§ INPUT DATA

++++++++++++++++++++

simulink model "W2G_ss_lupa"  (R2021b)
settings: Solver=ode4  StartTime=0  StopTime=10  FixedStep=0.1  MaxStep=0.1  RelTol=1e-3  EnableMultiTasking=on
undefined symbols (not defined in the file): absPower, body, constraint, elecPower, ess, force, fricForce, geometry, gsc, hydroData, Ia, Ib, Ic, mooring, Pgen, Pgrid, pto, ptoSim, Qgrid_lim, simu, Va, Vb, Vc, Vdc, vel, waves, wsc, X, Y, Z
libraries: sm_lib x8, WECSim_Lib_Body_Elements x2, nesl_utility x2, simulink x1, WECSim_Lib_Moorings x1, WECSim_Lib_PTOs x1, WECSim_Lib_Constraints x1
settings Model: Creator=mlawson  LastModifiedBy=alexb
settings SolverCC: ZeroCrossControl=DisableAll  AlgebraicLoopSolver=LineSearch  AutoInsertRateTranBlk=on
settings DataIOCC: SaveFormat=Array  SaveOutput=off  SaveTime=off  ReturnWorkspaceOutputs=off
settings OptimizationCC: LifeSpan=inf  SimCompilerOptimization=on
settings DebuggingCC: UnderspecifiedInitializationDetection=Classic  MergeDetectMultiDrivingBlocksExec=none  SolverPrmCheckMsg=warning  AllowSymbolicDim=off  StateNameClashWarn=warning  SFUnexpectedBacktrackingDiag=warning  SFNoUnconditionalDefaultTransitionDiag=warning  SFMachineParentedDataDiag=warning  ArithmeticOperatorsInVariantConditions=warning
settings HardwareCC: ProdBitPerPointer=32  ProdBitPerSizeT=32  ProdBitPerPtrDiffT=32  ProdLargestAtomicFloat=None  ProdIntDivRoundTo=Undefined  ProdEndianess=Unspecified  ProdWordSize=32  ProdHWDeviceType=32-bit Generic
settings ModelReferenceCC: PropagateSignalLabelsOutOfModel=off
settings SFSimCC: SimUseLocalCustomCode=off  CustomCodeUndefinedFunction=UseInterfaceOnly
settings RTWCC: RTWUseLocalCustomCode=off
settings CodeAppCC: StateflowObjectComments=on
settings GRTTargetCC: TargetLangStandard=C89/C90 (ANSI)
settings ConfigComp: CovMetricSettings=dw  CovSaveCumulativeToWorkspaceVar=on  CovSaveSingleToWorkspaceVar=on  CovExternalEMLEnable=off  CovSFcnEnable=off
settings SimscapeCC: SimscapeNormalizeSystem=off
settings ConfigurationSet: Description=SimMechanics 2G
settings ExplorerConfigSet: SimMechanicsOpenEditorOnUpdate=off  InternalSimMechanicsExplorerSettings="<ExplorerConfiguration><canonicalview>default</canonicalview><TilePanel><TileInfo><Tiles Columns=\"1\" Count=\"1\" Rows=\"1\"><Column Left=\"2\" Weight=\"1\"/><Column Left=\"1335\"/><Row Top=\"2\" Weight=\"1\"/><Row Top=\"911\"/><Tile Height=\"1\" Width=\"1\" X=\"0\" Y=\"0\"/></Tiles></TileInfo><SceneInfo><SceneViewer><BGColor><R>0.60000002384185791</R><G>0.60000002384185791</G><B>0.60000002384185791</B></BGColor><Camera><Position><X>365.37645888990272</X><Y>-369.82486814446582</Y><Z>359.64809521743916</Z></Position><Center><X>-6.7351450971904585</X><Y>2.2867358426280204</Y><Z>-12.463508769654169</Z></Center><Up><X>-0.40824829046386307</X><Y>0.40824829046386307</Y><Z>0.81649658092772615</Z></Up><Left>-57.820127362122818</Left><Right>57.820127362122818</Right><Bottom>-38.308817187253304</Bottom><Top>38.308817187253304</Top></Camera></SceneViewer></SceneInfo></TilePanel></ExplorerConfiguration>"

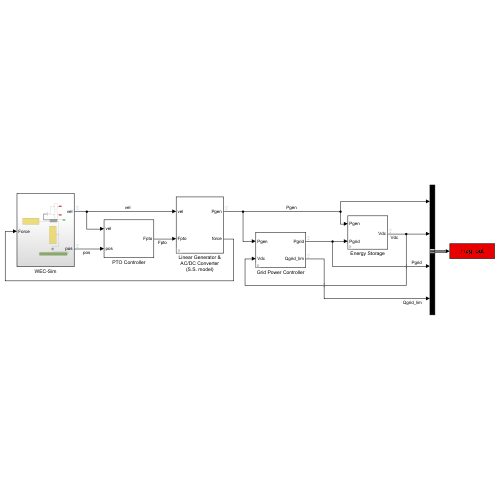
[thumbnail: Simulink's stored preview of the top-level diagram]
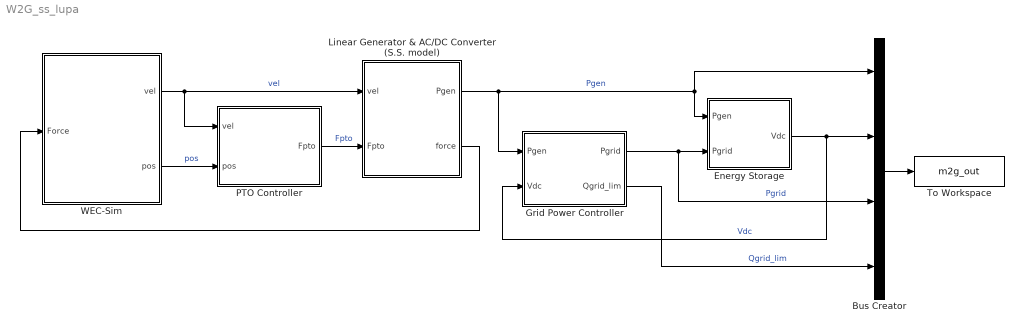
== system W2G_ss_lupa ==
  Bus Creator : BusCreator  Inputs=Pgen,Vdc,Pgrid,Qgrid_lim
  Energy Storage : Subsystem  mask{Vdc_0=ess.Vdc_0, C=ess.C}
      mask prompts: Vdc_0 "Initial Voltage"; C "Capacitance (C):"
      mask DialogControl DescTextVar_copy Prompt: Uses classical SC model.
      mask DialogControl ParamGroupVar Prompt: SC Bank Parameters
  Grid Power Controller : Subsystem  mask{Tavg=gsc.Tavg, Vmag=gsc.Vmag, Ilim=gsc.Ilim, Prated=gsc.Prated, Vdc_nom=ess.Vdc_0, Vdc_del=ess.Vdc_del, kp_v=gsc.kp, ki_v=gsc.ki}
      mask prompts: Tavg "Averaging Time Constant (s):"; Vmag "Grid voltage magnitude (V):"; Ilim "GSC current limit (A):"; Prated "GSC rated power (W):"; Vdc_nom "DC link nominal voltage (V):"; Vdc_del "DC link voltage deviation maximum (V):"; kp_v "Voltage regulator proportional gain:"; ki_v "Voltage regulator integral gain:"
  Linear Generator & AC/DC Converter (S.S. model) : Subsystem  mask{ptoSim=ptoSim.directLinearGenerator(1)}
      mask prompts: ptoSim "Machine Name"
  PTO Controller : Subsystem
  To Workspace : ToWorkspace  VariableName=m2g_out  SaveFormat=Timeseries  SampleTime=-1
  WEC-Sim : Subsystem
  wires:
  WEC-Sim/1(vel) -> PTO Controller/1(vel), Linear Generator & AC/DC Converter (S.S. model)/1(vel)  "vel"
  Linear Generator & AC/DC Converter (S.S. model)/2(force) -> WEC-Sim/1(Force)
  Linear Generator & AC/DC Converter (S.S. model)/1(Pgen) -> Grid Power Controller/1(Pgen), Bus Creator/1, Energy Storage/1(Pgen)  "Pgen"
  Grid Power Controller/1(Pgrid) -> Bus Creator/3, Energy Storage/2(Pgrid)  "Pgrid"
  Grid Power Controller/2(Qgrid_lim) -> Bus Creator/4  "Qgrid_lim"
  Energy Storage/1(Vdc) -> Grid Power Controller/2(Vdc), Bus Creator/2  "Vdc"
  WEC-Sim/2(pos) -> PTO Controller/2(pos)  "pos"
  PTO Controller/1(Fpto) -> Linear Generator & AC/DC Converter (S.S. model)/2(Fpto)  "Fpto"
  Bus Creator/1 -> To Workspace/1

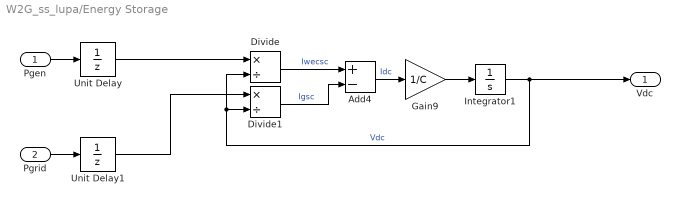
== system W2G_ss_lupa/Energy Storage ==
  Pgen : Inport
  Pgrid : Inport  Port=2
  Add4 : Sum  Inputs=+-
  Divide : Product  Inputs=*/
  Divide1 : Product  Inputs=*/
  Gain9 : Gain  Gain=1/C
  Integrator1 : Integrator  InitialCondition=Vdc_0
  Unit Delay : UnitDelay  SampleTime=-1  HasFrameUpgradeWarning=on
  Unit Delay1 : UnitDelay  SampleTime=-1  HasFrameUpgradeWarning=on
  Vdc : Outport
  wires:
  Pgen/1 -> Unit Delay/1
  Add4/1 -> Gain9/1  "Idc"
  Divide/1 -> Add4/1  "Iwecsc"
  Gain9/1 -> Integrator1/1
  Integrator1/1 -> Vdc/1, Divide1/2, Divide/2  "Vdc"
  Divide1/1 -> Add4/2  "Igsc"
  Pgrid/1 -> Unit Delay1/1
  Unit Delay/1 -> Divide/1
  Unit Delay1/1 -> Divide1/1

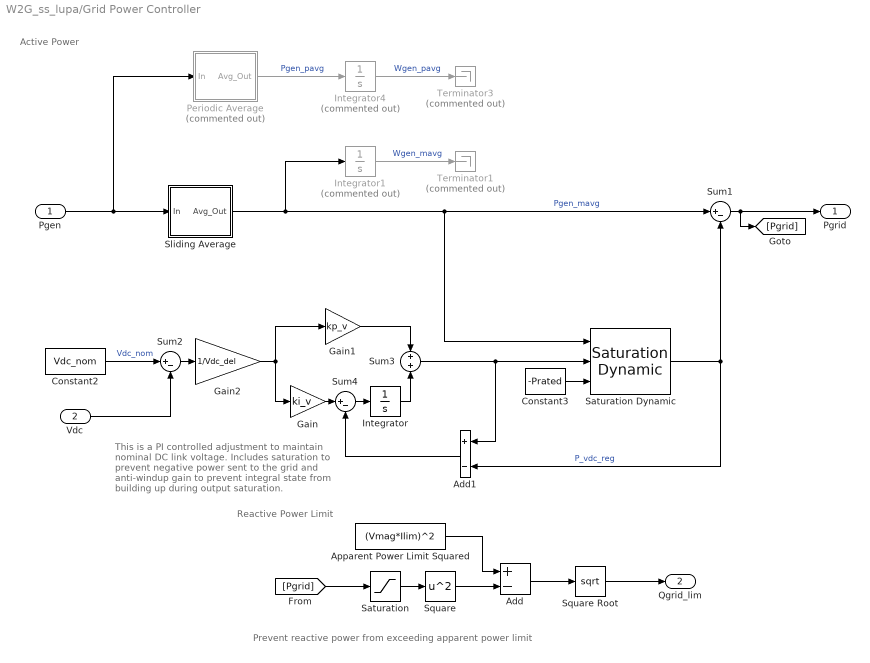
== system W2G_ss_lupa/Grid Power Controller ==
  note: This is a PI controlled adjustment to maintain nominal DC link voltage. Includes saturation to prevent negative power sent to the grid and anti-windup gain to prevent integral state from building up during output saturation.
  note: Reactive Power Limit
  note: Active Power
  note: Prevent reactive power from exceeding apparent power limit
  Pgen : Inport
  Vdc : Inport  Port=2
  Add : Sum  Inputs=+-
  Add1 : Sum  Inputs=+-
  Apparent Power Limit Squared : Constant  Value=(Vmag*Ilim)^2
  Constant2 : Constant  Value=Vdc_nom
  Constant3 : Constant  Value=-Prated
  Gain : Gain  Gain=ki_v
  Gain1 : Gain  Gain=kp_v
  Gain2 : Gain  Gain=1/Vdc_del
  Integrator : Integrator
  Integrator1 : Integrator  Commented=on
  Integrator4 : Integrator  Commented=on
  Periodic Average : Subsystem  Commented=on  mask{Tsample=Tavg}
      mask prompts: Tsample "Sampling Period (s):"
  Saturation : Saturate  UpperLimit=Vmag*Ilim  LowerLimit=-Vmag*Ilim
  Saturation Dynamic : simulink/Discontinuities/Saturation Dynamic  OutMin=[]  OutMax=[]  OutDataTypeStr=Inherit: Same as second input  OutDataType=fixdt(1, 16)  OutScaling=2^-10  DoSatur=off
  Sliding Average : Subsystem  mask{Tsample=Tavg, dt=simu.dt}
      mask prompts: Tsample "Sampling Period (s):"; dt "Simulation Time Step (s):"
  Square : Math  Operator=square  SaturateOnIntegerOverflow=on
  Square Root : Sqrt  SaturateOnIntegerOverflow=on
  Sum1 : Sum  Inputs=|+-
  Sum2 : Sum  Inputs=|+-
  Sum3 : Sum
  Sum4 : Sum  Inputs=|+-
  Terminator1 : Terminator  Commented=on
  Terminator3 : Terminator  Commented=on
  Pgrid : Outport
  Qgrid_lim : Outport  Port=2
  wires:
  Pgen/1 -> Periodic Average/1(In), Sliding Average/1(In)
  Integrator4/1 -> Terminator3/1  "Wgen_pavg"
  Integrator1/1 -> Terminator1/1  "Wgen_mavg"
  Sliding Average/1(Avg_Out) -> Saturation Dynamic/1, Sum1/1, Integrator1/1  "Pgen_mavg"
  Periodic Average/1(Avg_Out) -> Integrator4/1  "Pgen_pavg"
  Add/1 -> Square Root/1
  Square/1 -> Add/2
  Saturation/1 -> Square/1
  Square Root/1 -> Qgrid_lim/1
  Apparent Power Limit Squared/1 -> Add/1
  Sum1/1 -> [Pgrid], Pgrid/1
  [Pgrid] -> Saturation/1
  Constant2/1 -> Sum2/1  "Vdc_nom"
  Constant3/1 -> Saturation Dynamic/3
  Sum3/1 -> Add1/1, Saturation Dynamic/2
  Gain1/1 -> Sum3/1
  Integrator/1 -> Sum3/2
  Saturation Dynamic/1 -> Add1/2, Sum1/2  "P_vdc_reg"
  Vdc/1 -> Sum2/2
  Sum2/1 -> Gain2/1
  Gain2/1 -> Gain1/1, Gain/1
  Gain/1 -> Sum4/1
  Sum4/1 -> Integrator/1
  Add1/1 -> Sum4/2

++++++++++++++++++++

§ EXERCISE BRIEF
Everything starting at the line containing "settings GRTTargetCC: TargetLangStandard=C89/C90" and ending at the line containing "settings ConfigurationSet: Description=SimMechanics" in the records above should be repeated exactly, and only that.

§ WRITTEN ANSWER
settings GRTTargetCC: TargetLangStandard=C89/C90 (ANSI)
settings ConfigComp: CovMetricSettings=dw  CovSaveCumulativeToWorkspaceVar=on  CovSaveSingleToWorkspaceVar=on  CovExternalEMLEnable=off  CovSFcnEnable=off
settings SimscapeCC: SimscapeNormalizeSystem=off
settings ConfigurationSet: Description=SimMechanics 2G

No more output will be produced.